*** Block opens ***
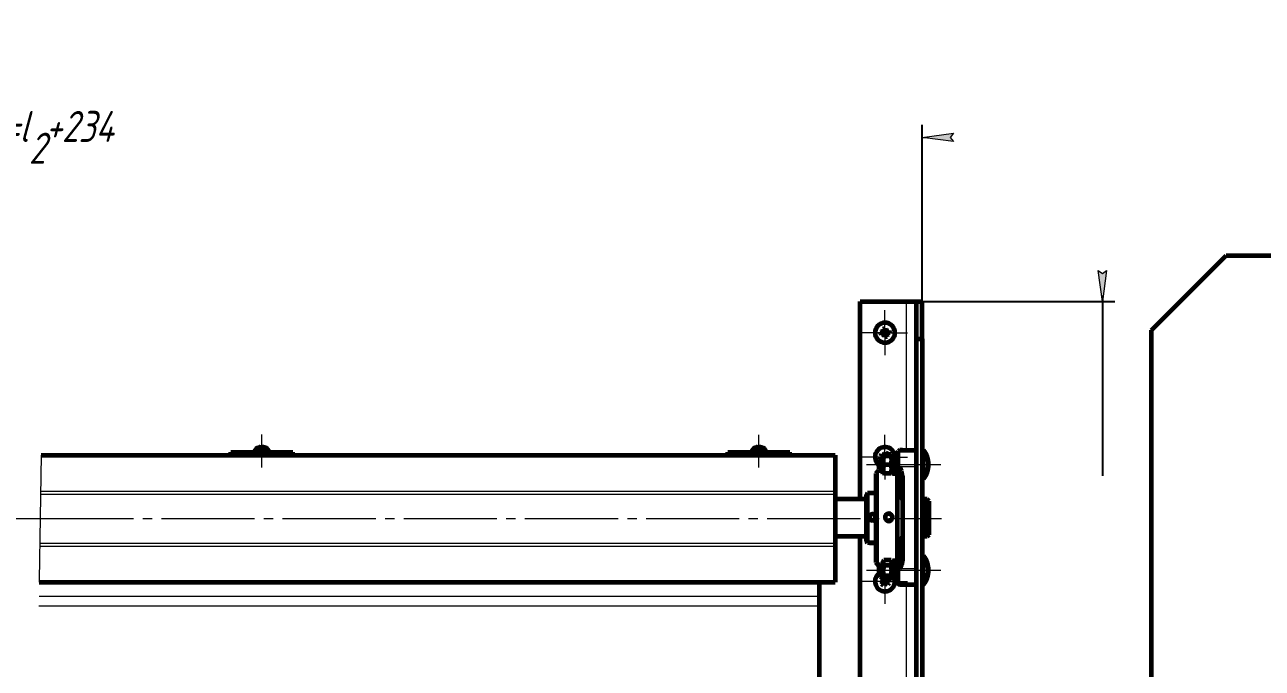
# Model space of a CAD drawing. Header units: millimetres. Extents: x 0 to 841, y 0 to 594.
# Drawn here: x 257.3 to 456.5, y 490.5 to 594 of the extents above; entities that cross this region are included whole.
import ezdxf

# ---------------------------------------------------------------- set-up
doc = ezdxf.new("R2010")
doc.units = ezdxf.units.MM
for name, pattern in [('K5LT_AXLED', [19.5, 15, -1.5, 1.5, -1.5]), ('K5LT_BASIC', [0]), ('K5LT_THIN', [0]), ('K5LT_THIN_INCLUDED_TO_HATCHING', [0])]:
    doc.linetypes.add(name, pattern=pattern)
doc.layers.add('Системный слой', color=7, linetype='Continuous')
doc.layers.add('Системный слой (1)', color=7, linetype='Continuous', true_color=0x909090)
doc.styles.add('KDIMTEXTSTYLE', font='GOST_AU.SHX', dxfattribs={"width": 0.96, "oblique": 15, "height": 5})
doc.dimstyles.new('KDIMSTYLE (0.20)', dxfattribs={"dimtxt": 5, "dimasz": 1, "dimexe": 2, "dimexo": 0, "dimgap": 1, "dimtad": 1, "dimlfac": 5, "dimtxsty": 'KDIMTEXTSTYLE', "dimsah": 1, "dimcen": 0, "dimdle": 1, "dimadec": 0, "dimazin": 0, "dimtfac": 0.667, "dimtmove": 0, "dimatfit": 3, "dimfxl": 1, "dimtvp": 1, "dimtolj": 1, "dimtzin": 0, "dimarcsym": 0})

# ---------------------------------------------------------------- blocks, each defined once
blk = doc.blocks.new('U0')
at = {"layer": 'Системный слой (1)', "color": 5, "linetype": 'K5LT_BASIC', "lineweight": 60, "true_color": 0x0000ff}
for p, q in [((396.96, 507.56), (396.96, 507.8)), ((396.96, 504.76), (396.96, 507.33))]:
    blk.add_line(p, q, dxfattribs=at)
blk = doc.blocks.new('U14')
at = {"layer": 'Системный слой (1)', "color": 5, "linetype": 'K5LT_BASIC', "lineweight": 60, "true_color": 0x0000ff}
for p, q in [((295.02, 525.39), (294.28, 525.39)), ((296.68, 525.39), (295.02, 525.39))]:
    blk.add_line(p, q, dxfattribs=at)
blk = doc.blocks.new('U15')
at = {"layer": 'Системный слой (1)', "color": 5, "linetype": 'K5LT_BASIC', "lineweight": 60, "true_color": 0x0000ff}
for p, q in [((295.78, 526.09), (295.92, 526.05)), ((295.92, 526.05), (295.93, 526.05))]:
    blk.add_line(p, q, dxfattribs=at)
blk = doc.blocks.new('U16')
at = {"layer": 'Системный слой (1)', "color": 5, "linetype": 'K5LT_BASIC', "lineweight": 60, "true_color": 0x0000ff}
for p, q in [((375.02, 525.39), (374.28, 525.39)), ((376.68, 525.39), (375.02, 525.39))]:
    blk.add_line(p, q, dxfattribs=at)
blk = doc.blocks.new('U17')
at = {"layer": 'Системный слой (1)', "color": 5, "linetype": 'K5LT_BASIC', "lineweight": 60, "true_color": 0x0000ff}
for p, q in [((375.78, 526.09), (375.92, 526.05)), ((375.92, 526.05), (375.93, 526.05))]:
    blk.add_line(p, q, dxfattribs=at)
blk = doc.blocks.new('U24')
at = {"layer": 'Системный слой (1)', "color": 5, "linetype": 'K5LT_BASIC', "lineweight": 60, "true_color": 0x0000ff}
for start, end in [(128.6822, 325.0298), (325.0298, 10.1014)]:
    blk.add_arc((395.78, 504.48), 1.6, start, end, dxfattribs=at)
blk = doc.blocks.new('U68')
at = {"layer": 'Системный слой (1)', "color": 5, "linetype": 'K5LT_BASIC', "lineweight": 60, "true_color": 0x0000ff}
for p, q in [((397.46, 523.27), (397.46, 525.08)), ((397.46, 521.48), (397.46, 523.27))]:
    blk.add_line(p, q, dxfattribs=at)
blk = doc.blocks.new('U69')
at = {"layer": 'Системный слой (1)', "color": 5, "linetype": 'K5LT_BASIC', "lineweight": 60, "true_color": 0x0000ff}
blk.add_line((260.01, 524.78), (387.78, 524.78), dxfattribs=at)
blk = doc.blocks.new('U70')
at = {"layer": 'Системный слой (1)', "color": 5, "linetype": 'K5LT_BASIC', "lineweight": 60, "true_color": 0x0000ff}
blk.add_line((259.67, 504.38), (387.78, 504.38), dxfattribs=at)
blk = doc.blocks.new('U86')
at = {"layer": 'Системный слой (1)', "color": 5, "linetype": 'K5LT_BASIC', "lineweight": 60, "true_color": 0x0000ff}
for p, q in [((391.78, 517.68), (391.78, 549.48)), ((391.78, 479.48), (391.78, 511.68))]:
    blk.add_line(p, q, dxfattribs=at)
blk = doc.blocks.new('U87')
at = {"layer": 'Системный слой (1)', "color": 5, "linetype": 'K5LT_BASIC', "lineweight": 60, "true_color": 0x0000ff}
for p, q in [((397.78, 505.45), (397.78, 506.52)), ((397.78, 504.38), (397.78, 504.53))]:
    blk.add_line(p, q, dxfattribs=at)
blk = doc.blocks.new('U88')
at = {"layer": 'Системный слой (1)', "color": 5, "linetype": 'K5LT_BASIC', "lineweight": 60, "true_color": 0x0000ff}
for p, q in [((397.78, 510.95), (397.91, 511.22)), ((397.91, 511.22), (398.18, 511.32))]:
    blk.add_line(p, q, dxfattribs=at)
blk = doc.blocks.new('U89')
at = {"layer": 'Системный слой (1)', "color": 5, "linetype": 'K5LT_BASIC', "lineweight": 60, "true_color": 0x0000ff}
for p, q in [((397.78, 525.03), (397.78, 525.18)), ((397.78, 522.98), (397.78, 524.12))]:
    blk.add_line(p, q, dxfattribs=at)
blk = doc.blocks.new('U90')
at = {"layer": 'Системный слой (1)', "color": 5, "linetype": 'K5LT_BASIC', "lineweight": 60, "true_color": 0x0000ff}
for p, q in [((397.78, 518.42), (397.91, 518.15)), ((397.91, 518.15), (398.18, 518.05))]:
    blk.add_line(p, q, dxfattribs=at)
blk = doc.blocks.new('U91')
at = {"layer": 'Системный слой (1)', "color": 5, "linetype": 'K5LT_BASIC', "lineweight": 60, "true_color": 0x0000ff}
for p, q in [((397.88, 525.44), (397.78, 525.18)), ((398.18, 525.58), (397.88, 525.44))]:
    blk.add_line(p, q, dxfattribs=at)
blk = doc.blocks.new('U92')
at = {"layer": 'Системный слой (1)', "color": 5, "linetype": 'K5LT_BASIC', "lineweight": 60, "true_color": 0x0000ff}
for p, q in [((398.43, 522.23), (398.18, 522.91)), ((398.58, 521.41), (398.43, 522.23))]:
    blk.add_line(p, q, dxfattribs=at)
blk = doc.blocks.new('U93')
at = {"layer": 'Системный слой (1)', "color": 5, "linetype": 'K5LT_BASIC', "lineweight": 60, "true_color": 0x0000ff}
for p, q in [((398.46, 511.43), (398.18, 511.32)), ((398.58, 511.71), (398.46, 511.43))]:
    blk.add_line(p, q, dxfattribs=at)
blk = doc.blocks.new('U94')
at = {"layer": 'Системный слой (1)', "color": 5, "linetype": 'K5LT_BASIC', "lineweight": 60, "true_color": 0x0000ff}
for p, q in [((398.58, 507.95), (398.42, 507.09)), ((398.42, 507.09), (398.23, 506.58))]:
    blk.add_line(p, q, dxfattribs=at)
blk = doc.blocks.new('U95')
at = {"layer": 'Системный слой (1)', "color": 5, "linetype": 'K5LT_BASIC', "lineweight": 60, "true_color": 0x0000ff}
for p, q in [((398.46, 517.94), (398.18, 518.05)), ((398.58, 517.65), (398.46, 517.94))]:
    blk.add_line(p, q, dxfattribs=at)
blk = doc.blocks.new('U96')
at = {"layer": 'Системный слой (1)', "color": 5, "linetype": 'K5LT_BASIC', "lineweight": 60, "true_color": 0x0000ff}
*** Block closes ***
■ **Problem requirements**
Your reply must be a single number: the count of lines in the listing that hold "start".

■ **Your response**
2